- Aim of the exercise -
Write out the records in full and without alteration, setting aside their pictures.

Extracted records
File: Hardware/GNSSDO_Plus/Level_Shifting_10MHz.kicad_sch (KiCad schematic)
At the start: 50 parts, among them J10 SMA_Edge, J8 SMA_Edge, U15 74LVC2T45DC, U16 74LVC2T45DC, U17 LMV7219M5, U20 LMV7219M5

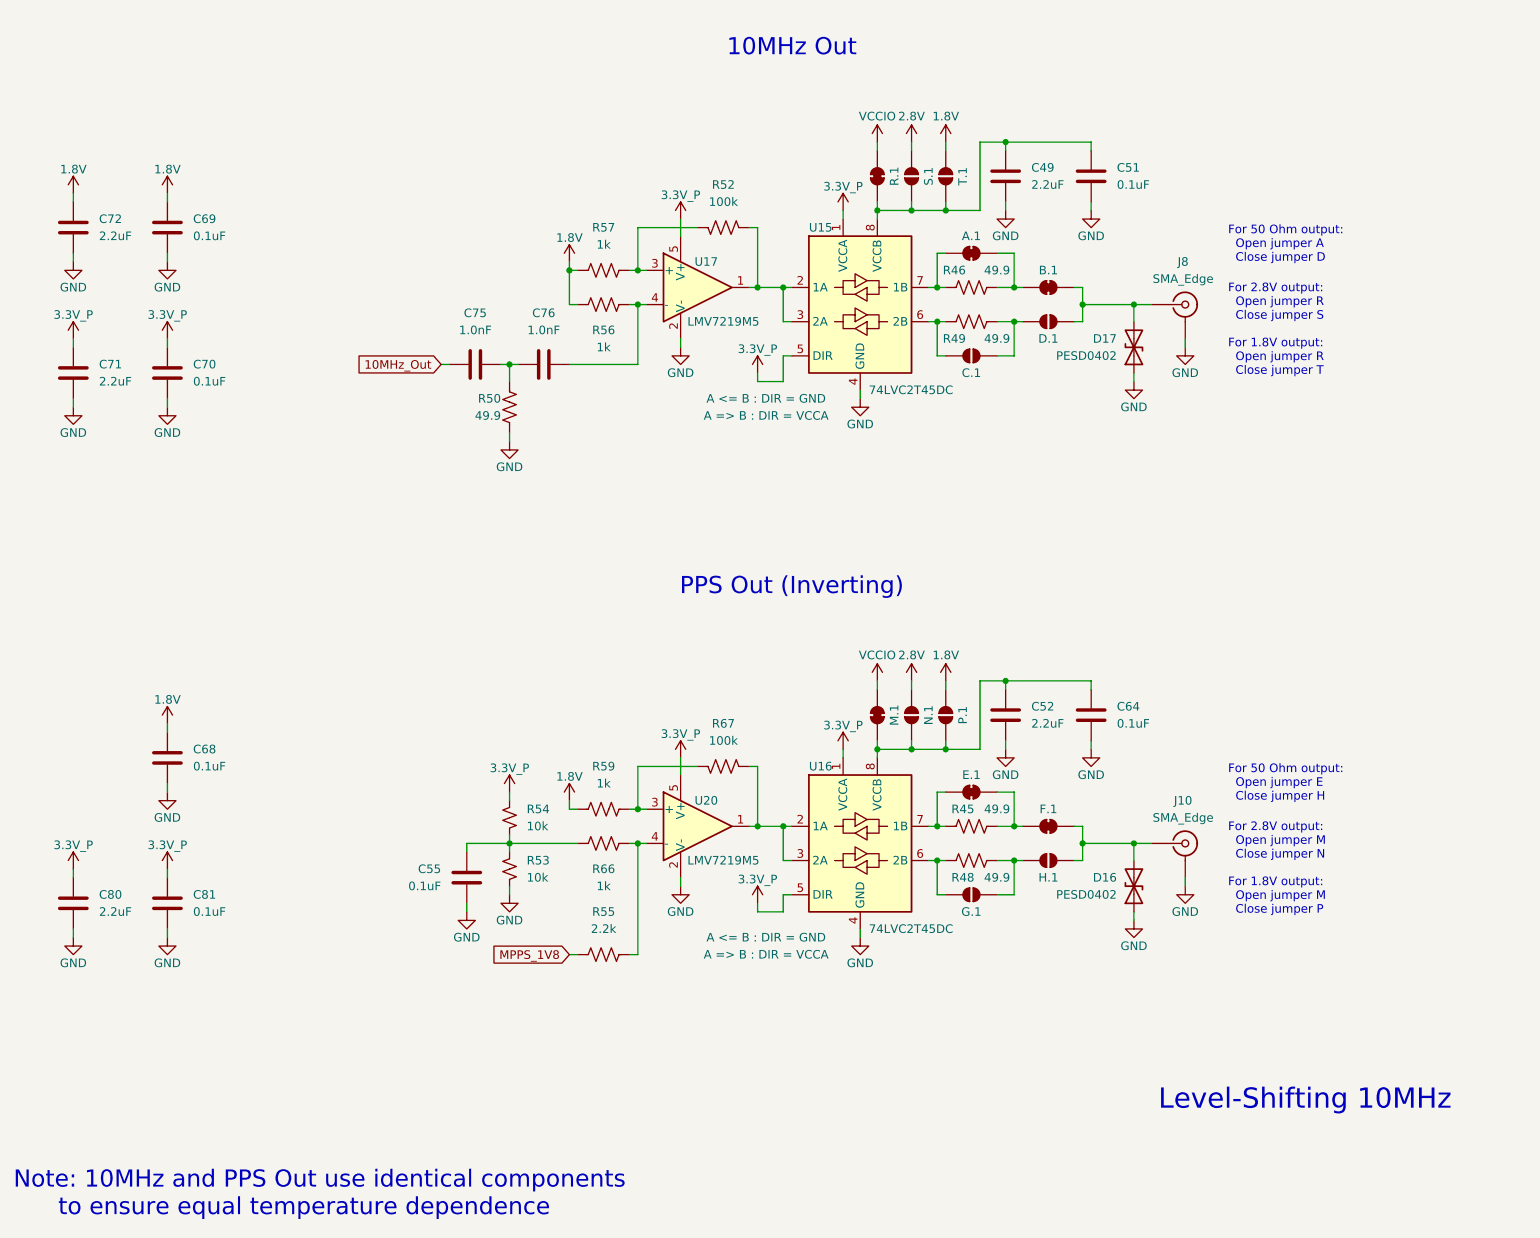
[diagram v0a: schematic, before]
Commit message: GNSSDO Plus: add 3-way splitter
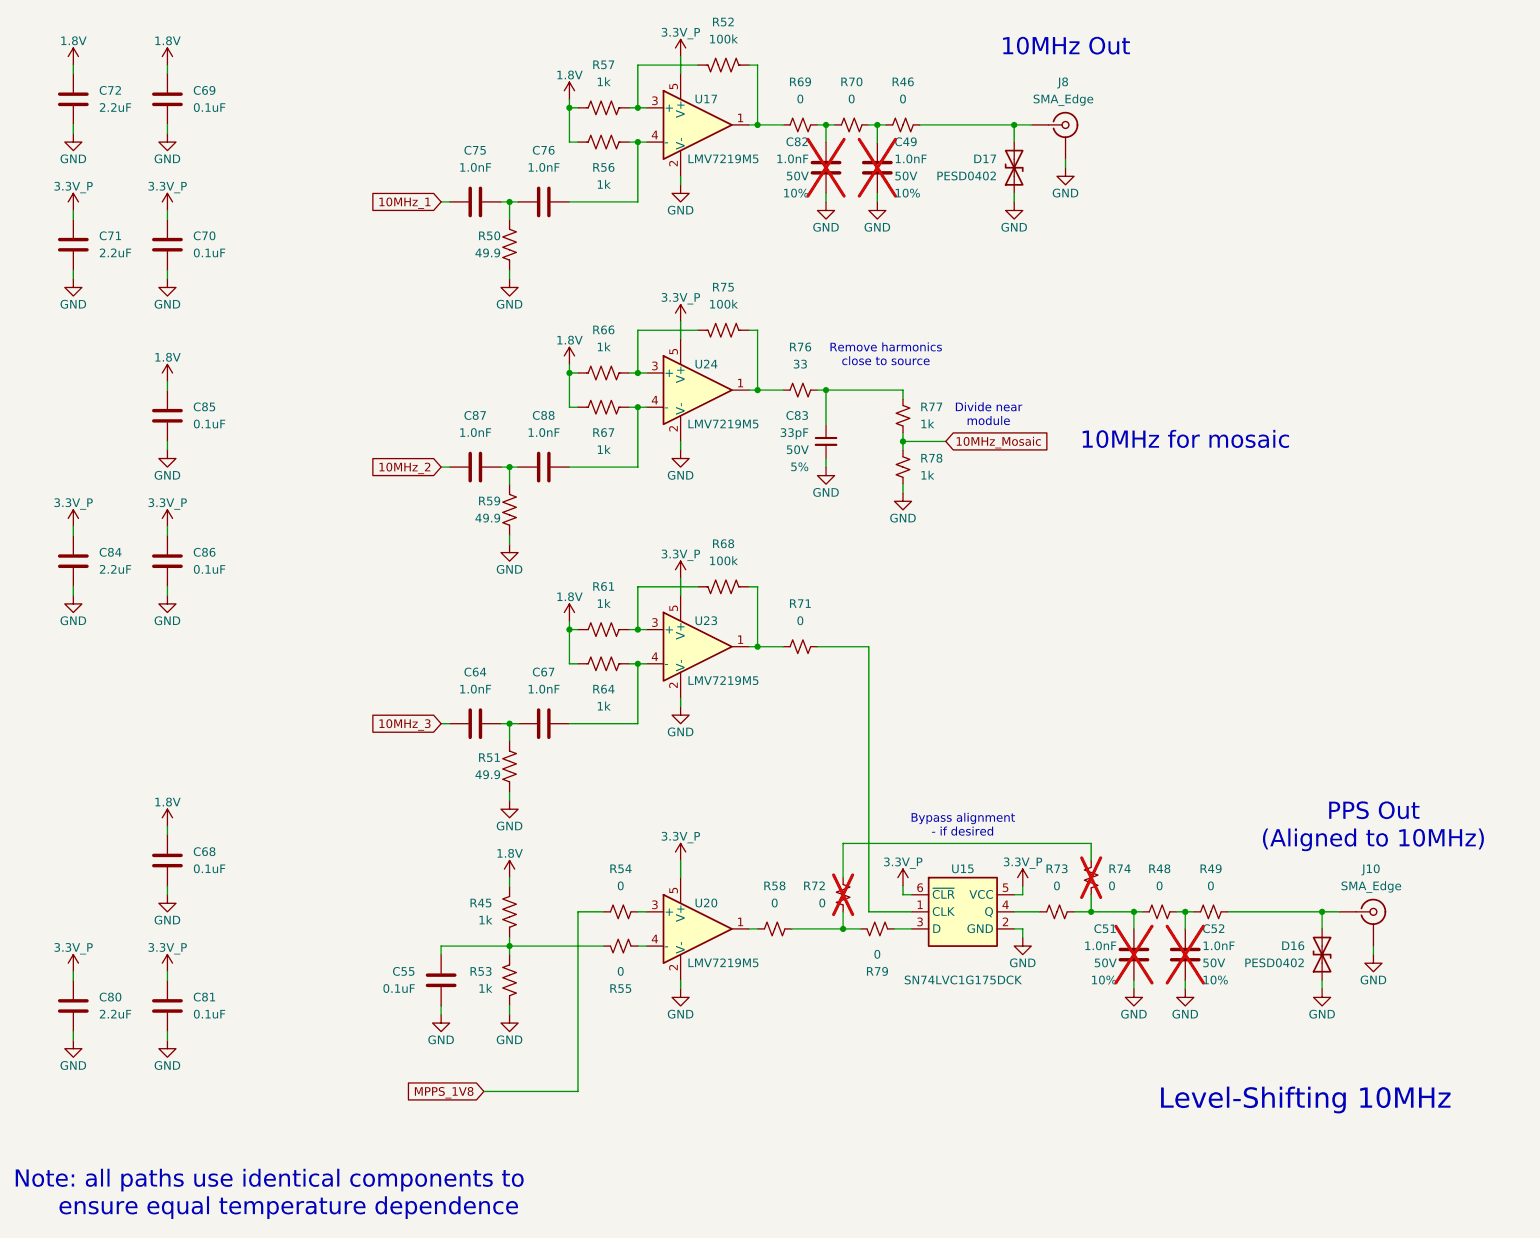
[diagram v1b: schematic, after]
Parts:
- removed A.1, B.1, E.1, F.1, M.1, R.1: ~, SparkFun-Jumper:Jumper_2_NC_Trace, symbol SparkFun-Jumper:SolderJumper_2_Bridged
- removed C.1, D.1, G.1, H.1, N.1, P.1, S.1, T.1: ~, SparkFun-Jumper:Jumper_2_NO, symbol SparkFun-Jumper:SolderJumper_2_Open
- removed C49, C52: 2.2uF, SparkFun-Capacitor:C_0603_1608Metric, symbol SparkFun-Capacitor:2.2uF_0603_10V_20%
- removed C51, C64: 0.1uF, SparkFun-Capacitor:C_0603_1608Metric, symbol SparkFun-Capacitor:0.1uF_0603_25V_20%
- removed R45, R46, R48, R49: 49.9, SparkFun-Resistor:R_0603_1608Metric, symbol SparkFun-Resistor:49.9_0603
- removed R53, R54: 10k, SparkFun-Resistor:R_0603_1608Metric, symbol SparkFun-Resistor:10k_0603
- removed R55: 2.2k, SparkFun-Resistor:R_0603_1608Metric, symbol SparkFun-Resistor:2.2k_0603
- removed R59: 1k, SparkFun-Resistor:R_0603_1608Metric, symbol SparkFun-Resistor:1k_0603
- removed R67: 100k, SparkFun-Resistor:R_0603_1608Metric, symbol SparkFun-Resistor:100k_0603
- removed U15, U16: 74LVC2T45DC, SparkFun-Semiconductor-Standard:VSSOP8_SOT765-1, symbol SparkFun-IC-Logic:74LVC2T45DC
- added C49, C51, C52, C64, C67, C82, C87, C88: 1.0nF, SparkFun-Capacitor:C_0603_1608Metric, symbol SparkFun-Capacitor:1.0nF_0603_50V_10%
- added C83: 33pF, SparkFun-Capacitor:C_0603_1608Metric, symbol SparkFun-Capacitor:33pF_0603_50V_5%
- added C84: 2.2uF, SparkFun-Capacitor:C_0603_1608Metric, symbol SparkFun-Capacitor:2.2uF_0603_10V_20%
- added C85, C86: 0.1uF, SparkFun-Capacitor:C_0603_1608Metric, symbol SparkFun-Capacitor:0.1uF_0603_25V_20%
- added R45, R53, R61, R64, R67, R77, R78: 1k, SparkFun-Resistor:R_0603_1608Metric, symbol SparkFun-Resistor:1k_0603
- added R46, R48, R49, R54, R55, R58, R69, R70, R71, R72, R73, R74, R79: 0, SparkFun-Resistor:R_0603_1608Metric, symbol SparkFun-Resistor:0_0603
- added R51, R59: 49.9, SparkFun-Resistor:R_0603_1608Metric, symbol SparkFun-Resistor:49.9_0603
- added R68, R75: 100k, SparkFun-Resistor:R_0603_1608Metric, symbol SparkFun-Resistor:100k_0603
- added R76: 33, SparkFun-Resistor:R_0603_1608Metric, symbol SparkFun-Resistor:33_0603
- added U15: SN74LVC1G175DCK, SparkFun-Semiconductor-Standard:SOT-323, symbol SparkFun-IC-Logic:74LVC1G175
- added U23, U24: LMV7219M5, SparkFun-Semiconductor-Standard:SOT23-5, symbol SparkFun-IC-Amplifier:LMV7219M5
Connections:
- net 1.8V: now also R66.1, C85.1, R45.2, R61.1, R64.1, R67.1
- net 3.3V_P: now also C84.1, C86.1, U15.5 (VCC), U15.6 (~{CLR}), U23.5 (V+), U24.5 (V+)
- net GND: now also C49.2, C51.2, C52.2, C82.2, C83.2, C84.2, C85.2, C86.2, R51.1, R53.1, R59.1, R78.2, U15.2 (GND), U23.2 (V-), U24.2 (V-)
- net MPPS_1V8: now also R54.1
- net at D16.2 (A2), J10.1 (In): now also R49.2
- net at U20.1: now also R58.1
- net at U20.3 (+): now also R54.2
- net at U20.4 (-): now also R55.2; no longer R66.2
- net at C55.1: now also R45.1, R53.2, R55.1; no longer R66.1
- net at D17.2 (A2), J8.1 (In): now also R46.2
- net at R52.1, U17.1: now also R69.1
- net 10MHz_Out renamed 10MHz_1
- new net: C49.1, R46.1, R70.2
- new net: R58.2, R72.1, R79.1
- new net: R72.2, R74.2
- new net: C51.1, R48.1, R73.2, R74.1
- new net: C82.1, R69.2, R70.1
- new net: C52.1, R48.2, R49.1
- new net: R79.2, U15.3 (D)
- new net: C64.2, C67.1, R51.2
- new net: C83.1, R76.2, R77.1
- new net: C87.2, C88.1, R59.2
- new net: C88.2, R67.2, U24.4 (-)
- new net: R66.2, R75.2, U24.3 (+)
- new net: R71.2, U15.1 (CLK)
- new net: R73.1, U15.4 (Q)
- new net: R75.1, R76.1, U24.1
- new net: R68.1, R71.1, U23.1
- new net: R61.2, R68.2, U23.3 (+)
- new net: C67.2, R64.2, U23.4 (-)
- new net 10MHz_2: C87.1
- new net 10MHz_3: C64.1
- new net 10MHz_Mosaic: R77.2, R78.1
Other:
- note added: "10MHz for mosaic"
- note added: "Bypass alignment - if desired"
- note added: "Divide near module"
- note added: "Note: all paths use identical components to ensure equal temperature dependence"
- note added: "PPS Out (Aligned to 10MHz)"
- note added: "Remove harmonics close to source"
- note removed: "For 2.8V output: Open jumper M Close jumper N For 1.8V output: Open jumper M Close jumper P"
- note removed: "For 2.8V output: Open jumper R Close jumper S For 1.8V output: Open jumper R Close jumper T"
- note removed: "For 50 Ohm output: Open jumper A Close jumper D"
- note removed: "For 50 Ohm output: Open jumper E Close jumper H"
- note removed: "Note: 10MHz and PPS Out use identical components to ensure equal temperature dependence"
- note removed: "PPS Out (Inverting)"
- moved on the sheet: C55, C68, C69, C70, C71, C72, C75, C76, C80, C81, D16, D17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

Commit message: GNSSDO+ WIP
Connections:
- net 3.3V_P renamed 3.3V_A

- Your response -
File: Hardware/GNSSDO_Plus/Level_Shifting_10MHz.kicad_sch (KiCad schematic)
At the start: 50 parts, among them J10 SMA_Edge, J8 SMA_Edge, U15 74LVC2T45DC, U16 74LVC2T45DC, U17 LMV7219M5, U20 LMV7219M5

[diagram v0a: schematic, before]
Commit message: GNSSDO Plus: add 3-way splitter
[diagram v1b: schematic, after]
Parts:
- removed A.1, B.1, E.1, F.1, M.1, R.1: ~, SparkFun-Jumper:Jumper_2_NC_Trace, symbol SparkFun-Jumper:SolderJumper_2_Bridged
- removed C.1, D.1, G.1, H.1, N.1, P.1, S.1, T.1: ~, SparkFun-Jumper:Jumper_2_NO, symbol SparkFun-Jumper:SolderJumper_2_Open
- removed C49, C52: 2.2uF, SparkFun-Capacitor:C_0603_1608Metric, symbol SparkFun-Capacitor:2.2uF_0603_10V_20%
- removed C51, C64: 0.1uF, SparkFun-Capacitor:C_0603_1608Metric, symbol SparkFun-Capacitor:0.1uF_0603_25V_20%
- removed R45, R46, R48, R49: 49.9, SparkFun-Resistor:R_0603_1608Metric, symbol SparkFun-Resistor:49.9_0603
- removed R53, R54: 10k, SparkFun-Resistor:R_0603_1608Metric, symbol SparkFun-Resistor:10k_0603
- removed R55: 2.2k, SparkFun-Resistor:R_0603_1608Metric, symbol SparkFun-Resistor:2.2k_0603
- removed R59: 1k, SparkFun-Resistor:R_0603_1608Metric, symbol SparkFun-Resistor:1k_0603
- removed R67: 100k, SparkFun-Resistor:R_0603_1608Metric, symbol SparkFun-Resistor:100k_0603
- removed U15, U16: 74LVC2T45DC, SparkFun-Semiconductor-Standard:VSSOP8_SOT765-1, symbol SparkFun-IC-Logic:74LVC2T45DC
- added C49, C51, C52, C64, C67, C82, C87, C88: 1.0nF, SparkFun-Capacitor:C_0603_1608Metric, symbol SparkFun-Capacitor:1.0nF_0603_50V_10%
- added C83: 33pF, SparkFun-Capacitor:C_0603_1608Metric, symbol SparkFun-Capacitor:33pF_0603_50V_5%
- added C84: 2.2uF, SparkFun-Capacitor:C_0603_1608Metric, symbol SparkFun-Capacitor:2.2uF_0603_10V_20%
- added C85, C86: 0.1uF, SparkFun-Capacitor:C_0603_1608Metric, symbol SparkFun-Capacitor:0.1uF_0603_25V_20%
- added R45, R53, R61, R64, R67, R77, R78: 1k, SparkFun-Resistor:R_0603_1608Metric, symbol SparkFun-Resistor:1k_0603
- added R46, R48, R49, R54, R55, R58, R69, R70, R71, R72, R73, R74, R79: 0, SparkFun-Resistor:R_0603_1608Metric, symbol SparkFun-Resistor:0_0603
- added R51, R59: 49.9, SparkFun-Resistor:R_0603_1608Metric, symbol SparkFun-Resistor:49.9_0603
- added R68, R75: 100k, SparkFun-Resistor:R_0603_1608Metric, symbol SparkFun-Resistor:100k_0603
- added R76: 33, SparkFun-Resistor:R_0603_1608Metric, symbol SparkFun-Resistor:33_0603
- added U15: SN74LVC1G175DCK, SparkFun-Semiconductor-Standard:SOT-323, symbol SparkFun-IC-Logic:74LVC1G175
- added U23, U24: LMV7219M5, SparkFun-Semiconductor-Standard:SOT23-5, symbol SparkFun-IC-Amplifier:LMV7219M5
Connections:
- net 1.8V: now also R66.1, C85.1, R45.2, R61.1, R64.1, R67.1
- net 3.3V_P: now also C84.1, C86.1, U15.5 (VCC), U15.6 (~{CLR}), U23.5 (V+), U24.5 (V+)
- net GND: now also C49.2, C51.2, C52.2, C82.2, C83.2, C84.2, C85.2, C86.2, R51.1, R53.1, R59.1, R78.2, U15.2 (GND), U23.2 (V-), U24.2 (V-)
- net MPPS_1V8: now also R54.1
- net at D16.2 (A2), J10.1 (In): now also R49.2
- net at U20.1: now also R58.1
- net at U20.3 (+): now also R54.2
- net at U20.4 (-): now also R55.2; no longer R66.2
- net at C55.1: now also R45.1, R53.2, R55.1; no longer R66.1
- net at D17.2 (A2), J8.1 (In): now also R46.2
- net at R52.1, U17.1: now also R69.1
- net 10MHz_Out renamed 10MHz_1
- new net: C49.1, R46.1, R70.2
- new net: R58.2, R72.1, R79.1
- new net: R72.2, R74.2
- new net: C51.1, R48.1, R73.2, R74.1
- new net: C82.1, R69.2, R70.1
- new net: C52.1, R48.2, R49.1
- new net: R79.2, U15.3 (D)
- new net: C64.2, C67.1, R51.2
- new net: C83.1, R76.2, R77.1
- new net: C87.2, C88.1, R59.2
- new net: C88.2, R67.2, U24.4 (-)
- new net: R66.2, R75.2, U24.3 (+)
- new net: R71.2, U15.1 (CLK)
- new net: R73.1, U15.4 (Q)
- new net: R75.1, R76.1, U24.1
- new net: R68.1, R71.1, U23.1
- new net: R61.2, R68.2, U23.3 (+)
- new net: C67.2, R64.2, U23.4 (-)
- new net 10MHz_2: C87.1
- new net 10MHz_3: C64.1
- new net 10MHz_Mosaic: R77.2, R78.1
Other:
- note added: "10MHz for mosaic"
- note added: "Bypass alignment - if desired"
- note added: "Divide near module"
- note added: "Note: all paths use identical components to ensure equal temperature dependence"
- note added: "PPS Out (Aligned to 10MHz)"
- note added: "Remove harmonics close to source"
- note removed: "For 2.8V output: Open jumper M Close jumper N For 1.8V output: Open jumper M Close jumper P"
- note removed: "For 2.8V output: Open jumper R Close jumper S For 1.8V output: Open jumper R Close jumper T"
- note removed: "For 50 Ohm output: Open jumper A Close jumper D"
- note removed: "For 50 Ohm output: Open jumper E Close jumper H"
- note removed: "Note: 10MHz and PPS Out use identical components to ensure equal temperature dependence"
- note removed: "PPS Out (Inverting)"
- moved on the sheet: C55, C68, C69, C70, C71, C72, C75, C76, C80, C81, D16, D17

Commit message: GNSSDO+ WIP
Connections:
- net 3.3V_P renamed 3.3V_A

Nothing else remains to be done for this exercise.